Upanişad

Upanişad

Gerçek Ben, her şeyi bilir, her şeyi anlar. Mekânı, Tanrının nûrani tahtı olan, kalbidir.
Gerçek Ben, ancak kalbin arınması yoluyla bulunabilir. İnsan kalbindeki bu Ben, kişinin bedeninin ve ha¬yatının sahibidir. Bilge kişi, ölümsüz ve mutluluk olan bu Varlığı, düşünce kudretinin aydınlattığı bir zihin vasıtasıyla tanıyabilir.
Kişisel Ben ile evrensel Benin aynı Varlık olduğu idrak edildiği zaman, kalbindeki cehalet düğümü çözülmüş, bütün şüpheler ve yapılan işlerin bütün kötü sonuçları yok olmuştur.
Bölünmez bir olan Tanrı'nın mekânı, kalbidir. O, saf¬tır, nurların nurudur.

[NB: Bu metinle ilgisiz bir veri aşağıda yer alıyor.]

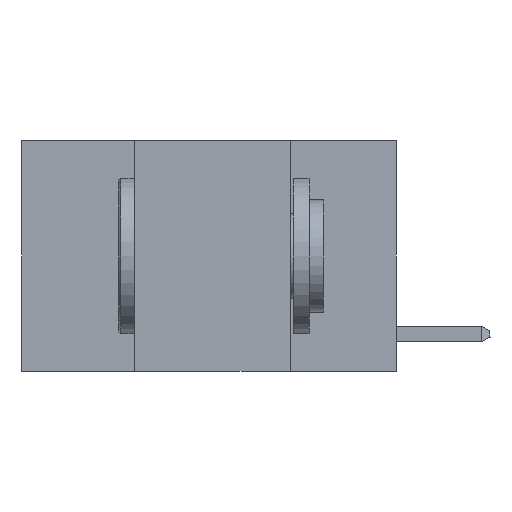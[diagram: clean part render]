
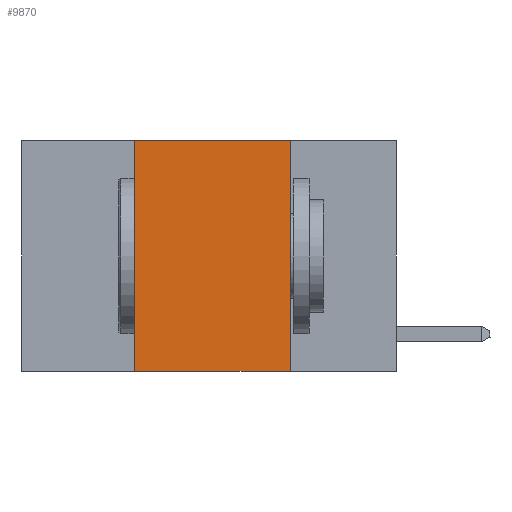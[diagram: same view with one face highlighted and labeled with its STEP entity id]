
A CAD part, left-side view. The second image highlights one B-rep face of the part: STEP entity #9870.
In plain terms, the highlighted planar face has unit normal (-1, 0, 0).
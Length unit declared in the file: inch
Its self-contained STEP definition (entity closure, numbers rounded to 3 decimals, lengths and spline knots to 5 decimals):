
#435 = CARTESIAN_POINT ( 'NONE',  ( 0., 0.6, 0. ) ) ;
#660 = CARTESIAN_POINT ( 'NONE',  ( 0., 0.6, -0.37 ) ) ;
#1150 = LINE ( 'NONE', #4294, #7716 ) ;
#1512 = CARTESIAN_POINT ( 'NONE',  ( 0., 0.6, 0. ) ) ;
#1759 = FACE_OUTER_BOUND ( 'NONE', #13871, .T. ) ;
#3117 = PLANE ( 'NONE',  #15630 ) ;
#3769 = EDGE_CURVE ( 'NONE', #14089, #6995, #6262, .T. ) ;
#4174 = DIRECTION ( 'NONE',  ( 0., -1., 0. ) ) ;
#4294 = CARTESIAN_POINT ( 'NONE',  ( 0., 0.17, 0. ) ) ;
#4425 = DIRECTION ( 'NONE',  ( 0., 0., -1. ) ) ;
#4632 = DIRECTION ( 'NONE',  ( 0., -1., 0. ) ) ;
#6262 = LINE ( 'NONE', #660, #9298 ) ;
#6897 = EDGE_CURVE ( 'NONE', #10616, #10775, #16112, .T. ) ;
#6995 = VERTEX_POINT ( 'NONE', #13431 ) ;
#7565 = CARTESIAN_POINT ( 'NONE',  ( 0., 0.17, 0. ) ) ;
#7716 = VECTOR ( 'NONE', #14583, 39.37008 ) ;
#8086 = LINE ( 'NONE', #10547, #14496 ) ;
#9298 = VECTOR ( 'NONE', #4632, 39.37008 ) ;
#9676 = EDGE_CURVE ( 'NONE', #14089, #10616, #8086, .T. ) ;
#9870 = ADVANCED_FACE ( 'NONE', ( #1759 ), #3117, .F. ) ;
#10547 = CARTESIAN_POINT ( 'NONE',  ( 0., 0.42, 0. ) ) ;
#10616 = VERTEX_POINT ( 'NONE', #16163 ) ;
#10775 = VERTEX_POINT ( 'NONE', #7565 ) ;
#11112 = ORIENTED_EDGE ( 'NONE', *, *, #6897, .F. ) ;
#11254 = ORIENTED_EDGE ( 'NONE', *, *, #3769, .T. ) ;
#11856 = DIRECTION ( 'NONE',  ( 0., 0., 1. ) ) ;
#12021 = ORIENTED_EDGE ( 'NONE', *, *, #15707, .F. ) ;
#12072 = ORIENTED_EDGE ( 'NONE', *, *, #9676, .F. ) ;
#12191 = DIRECTION ( 'NONE',  ( 1., 0., 0. ) ) ;
#12438 = VECTOR ( 'NONE', #4174, 39.37008 ) ;
#12563 = CARTESIAN_POINT ( 'NONE',  ( 0., 0.42, -0.37 ) ) ;
#13431 = CARTESIAN_POINT ( 'NONE',  ( 0., 0.17, -0.37 ) ) ;
#13871 = EDGE_LOOP ( 'NONE', ( #12021, #11112, #12072, #11254 ) ) ;
#14089 = VERTEX_POINT ( 'NONE', #12563 ) ;
#14496 = VECTOR ( 'NONE', #11856, 39.37008 ) ;
#14583 = DIRECTION ( 'NONE',  ( 0., 0., -1. ) ) ;
#15630 = AXIS2_PLACEMENT_3D ( 'NONE', #435, #12191, #4425 ) ;
#15707 = EDGE_CURVE ( 'NONE', #10775, #6995, #1150, .T. ) ;
#16112 = LINE ( 'NONE', #1512, #12438 ) ;
#16163 = CARTESIAN_POINT ( 'NONE',  ( 0., 0.42, 0. ) ) ;
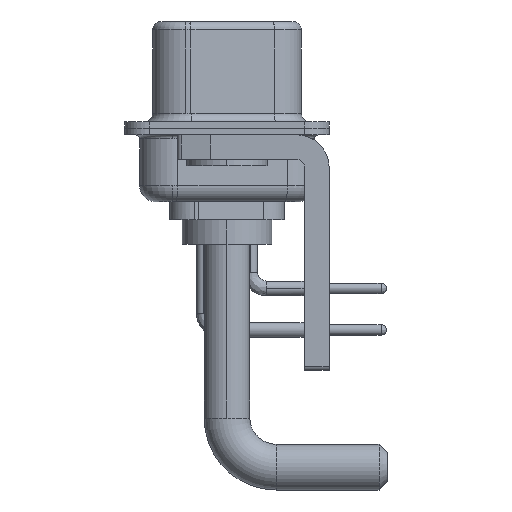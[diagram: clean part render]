
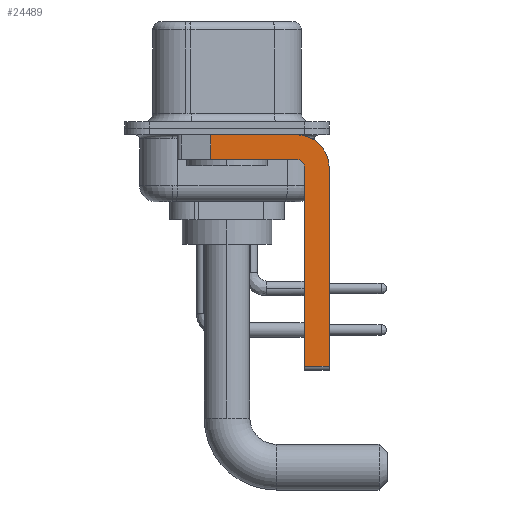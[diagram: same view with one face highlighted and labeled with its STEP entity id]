
A CAD part, left-side view. The second image highlights one B-rep face of the part: STEP entity #24489.
In plain terms, the highlighted planar face has unit normal (-1, 0, 0).
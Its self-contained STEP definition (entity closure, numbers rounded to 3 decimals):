
#186 = EDGE_CURVE ( 'NONE', #2114, #2097, #4137, .T. ) ;
#194 = DIRECTION ( 'NONE',  ( -1., 0., 0. ) ) ;
#540 = DIRECTION ( 'NONE',  ( 0., 1., 0. ) ) ;
#1315 = CARTESIAN_POINT ( 'NONE',  ( -2.9, -4.25, -2.4 ) ) ;
#1408 = PLANE ( 'NONE',  #12519 ) ;
#1413 = VECTOR ( 'NONE', #12401, 1000. ) ;
#1607 = VERTEX_POINT ( 'NONE', #19796 ) ;
#2097 = VERTEX_POINT ( 'NONE', #20000 ) ;
#2114 = VERTEX_POINT ( 'NONE', #17714 ) ;
#2565 = VECTOR ( 'NONE', #540, 1000. ) ;
#4137 = LINE ( 'NONE', #14007, #15110 ) ;
#4746 = EDGE_CURVE ( 'NONE', #1607, #21279, #15073, .T. ) ;
#4804 = ORIENTED_EDGE ( 'NONE', *, *, #25427, .F. ) ;
#4826 = CIRCLE ( 'NONE', #22719, 2. ) ;
#5105 = DIRECTION ( 'NONE',  ( 0., 0., 1. ) ) ;
#5506 = ORIENTED_EDGE ( 'NONE', *, *, #11248, .F. ) ;
#6512 = VERTEX_POINT ( 'NONE', #9173 ) ;
#7661 = VERTEX_POINT ( 'NONE', #14295 ) ;
#8326 = CARTESIAN_POINT ( 'NONE',  ( -2.9, 0.978, -1.9 ) ) ;
#8592 = DIRECTION ( 'NONE',  ( 0., 0., 1. ) ) ;
#9143 = EDGE_CURVE ( 'NONE', #2097, #14123, #4826, .T. ) ;
#9173 = CARTESIAN_POINT ( 'NONE',  ( -2.9, -6.25, -14.55 ) ) ;
#9541 = FACE_OUTER_BOUND ( 'NONE', #21647, .T. ) ;
#9579 = DIRECTION ( 'NONE',  ( 0., 0., -1. ) ) ;
#9680 = CARTESIAN_POINT ( 'NONE',  ( -2.9, -4.25, -2.4 ) ) ;
#10215 = LINE ( 'NONE', #20095, #10719 ) ;
#10404 = LINE ( 'NONE', #16267, #1413 ) ;
#10605 = DIRECTION ( 'NONE',  ( 0., 0., -1. ) ) ;
#10696 = ORIENTED_EDGE ( 'NONE', *, *, #9143, .F. ) ;
#10719 = VECTOR ( 'NONE', #13954, 1000. ) ;
#11248 = EDGE_CURVE ( 'NONE', #7661, #21103, #15257, .T. ) ;
#12401 = DIRECTION ( 'NONE',  ( 0., 0., -1. ) ) ;
#12519 = AXIS2_PLACEMENT_3D ( 'NONE', #9680, #17802, #25961 ) ;
#12866 = CARTESIAN_POINT ( 'NONE',  ( -2.9, 0.978, -1.9 ) ) ;
#13368 = ORIENTED_EDGE ( 'NONE', *, *, #22348, .T. ) ;
#13954 = DIRECTION ( 'NONE',  ( 0., -1., 0. ) ) ;
#14007 = CARTESIAN_POINT ( 'NONE',  ( -2.9, 3., -0.4 ) ) ;
#14123 = VERTEX_POINT ( 'NONE', #23176 ) ;
#14295 = CARTESIAN_POINT ( 'NONE',  ( -2.9, -4.75, -14.55 ) ) ;
#15073 = LINE ( 'NONE', #18816, #2565 ) ;
#15110 = VECTOR ( 'NONE', #20417, 1000. ) ;
#15257 = LINE ( 'NONE', #19002, #22434 ) ;
#15677 = LINE ( 'NONE', #8326, #20134 ) ;
#16204 = CARTESIAN_POINT ( 'NONE',  ( -2.9, -4.75, -2.4 ) ) ;
#16267 = CARTESIAN_POINT ( 'NONE',  ( -2.9, -6.25, -2.4 ) ) ;
#16707 = CIRCLE ( 'NONE', #20546, 0.5 ) ;
#17580 = DIRECTION ( 'NONE',  ( 1., 0., 0. ) ) ;
#17714 = CARTESIAN_POINT ( 'NONE',  ( -2.9, 0.978, -0.4 ) ) ;
#17801 = ORIENTED_EDGE ( 'NONE', *, *, #19824, .T. ) ;
#17802 = DIRECTION ( 'NONE',  ( 1., 0., 0. ) ) ;
#18295 = ORIENTED_EDGE ( 'NONE', *, *, #186, .F. ) ;
#18816 = CARTESIAN_POINT ( 'NONE',  ( -2.9, -4.25, -1.9 ) ) ;
#19002 = CARTESIAN_POINT ( 'NONE',  ( -2.9, -4.75, -14.8 ) ) ;
#19796 = CARTESIAN_POINT ( 'NONE',  ( -2.9, -4.25, -1.9 ) ) ;
#19824 = EDGE_CURVE ( 'NONE', #2114, #21279, #15677, .T. ) ;
#19841 = EDGE_CURVE ( 'NONE', #21103, #1607, #16707, .T. ) ;
#20000 = CARTESIAN_POINT ( 'NONE',  ( -2.9, -4.25, -0.4 ) ) ;
#20095 = CARTESIAN_POINT ( 'NONE',  ( -2.9, -4.25, -14.55 ) ) ;
#20134 = VECTOR ( 'NONE', #10605, 1000. ) ;
#20417 = DIRECTION ( 'NONE',  ( 0., -1., 0. ) ) ;
#20546 = AXIS2_PLACEMENT_3D ( 'NONE', #22350, #194, #8592 ) ;
#21103 = VERTEX_POINT ( 'NONE', #16204 ) ;
#21279 = VERTEX_POINT ( 'NONE', #12866 ) ;
#21647 = EDGE_LOOP ( 'NONE', ( #18295, #17801, #22247, #24170, #5506, #13368, #4804, #10696 ) ) ;
#22247 = ORIENTED_EDGE ( 'NONE', *, *, #4746, .F. ) ;
#22348 = EDGE_CURVE ( 'NONE', #7661, #6512, #10215, .T. ) ;
#22350 = CARTESIAN_POINT ( 'NONE',  ( -2.9, -4.25, -2.4 ) ) ;
#22434 = VECTOR ( 'NONE', #5105, 1000. ) ;
#22719 = AXIS2_PLACEMENT_3D ( 'NONE', #1315, #17580, #9579 ) ;
#23176 = CARTESIAN_POINT ( 'NONE',  ( -2.9, -6.25, -2.4 ) ) ;
#24170 = ORIENTED_EDGE ( 'NONE', *, *, #19841, .F. ) ;
#24489 = ADVANCED_FACE ( 'NONE', ( #9541 ), #1408, .F. ) ;
#25427 = EDGE_CURVE ( 'NONE', #14123, #6512, #10404, .T. ) ;
#25961 = DIRECTION ( 'NONE',  ( 0., 0., -1. ) ) ;

Kendi gerçek Benini tanıyan kişiler, Ona ulaşırlar.
Onu aydınlatan Ona nûr veren, ne güneş, ne ay, ne yıldızlar ne de yeryüzünde yıkılan herhangi bir ateştir. O kendisi, her şeyi aydınlatan bir nurdur. Evrende var olan her şey, O'nun nurunu yansıtır.
O her yerdedir. Önde, arkada, altta, yukarıda, sağda ve solda olan hep O'dur.
Kişisel Ben ile ölümsüz Ben, aynı ağaç üzerine evlerini kurmuş ve arkadaşlıkta ayrılmaz şekilde birbirlerine bağlanmış iki kuş gibidir. Kişisel Ben, bu ağacın acı ve tatlı meyvelerini tadar; ölümsüz Ben ise, bunları tadamaz, sadece sükûnet içinde seyreder.
İlâhi Ben ile aynı varlık olduğunu unutan kişisel Ben, ızdırabları nedeniyle şaşkın ve acınacak bir hâldedir. Ancak, kendisini ibadet ruhunu telkin eden ilâhi Ben olarak gördüğü zaman, bütün ızdırablardan kurtulur. Kişi, O'nunla aynı varlık olduğunu gördüğü zaman, dünyanın bütün pisliklerinden arınmış, iyinin ve kötünün bütün zıtlıkların ötesine ulaşmıştır.